## Aim of the exercise:
Counting only the lines below that contain the word "List", what is the total? Give it with no other words.

## Available data:
----------

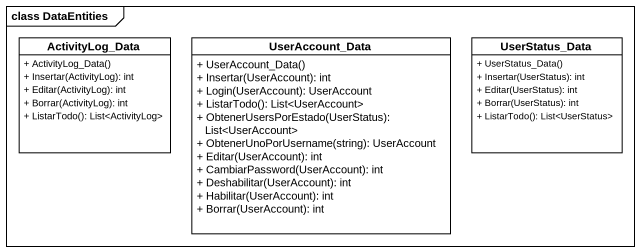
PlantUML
@startuml
mainframe class DataEntities
hide circle
hide empty members
skinparam classAttributeIconSize 0
class ActivityLog_Data {
  + ActivityLog_Data()
  + Insertar(ActivityLog): int
  + Editar(ActivityLog): int
  + Borrar(ActivityLog): int
  + ListarTodo(): List<ActivityLog>
}
class UserAccount_Data {
  + UserAccount_Data()
  + Insertar(UserAccount): int
  + Login(UserAccount): UserAccount
  + ListarTodo(): List<UserAccount>
  + ObtenerUsersPorEstado(UserStatus): List<UserAccount>
  + ObtenerUnoPorUsername(string): UserAccount
  + Editar(UserAccount): int
  + CambiarPassword(UserAccount): int
  + Deshabilitar(UserAccount): int
  + Habilitar(UserAccount): int
  + Borrar(UserAccount): int
}
class UserStatus_Data {
  + UserStatus_Data()
  + Insertar(UserStatus): int
  + Editar(UserStatus): int
  + Borrar(UserStatus): int
  + ListarTodo(): List<UserStatus>
}
@enduml

----------

## Answer for the task:
4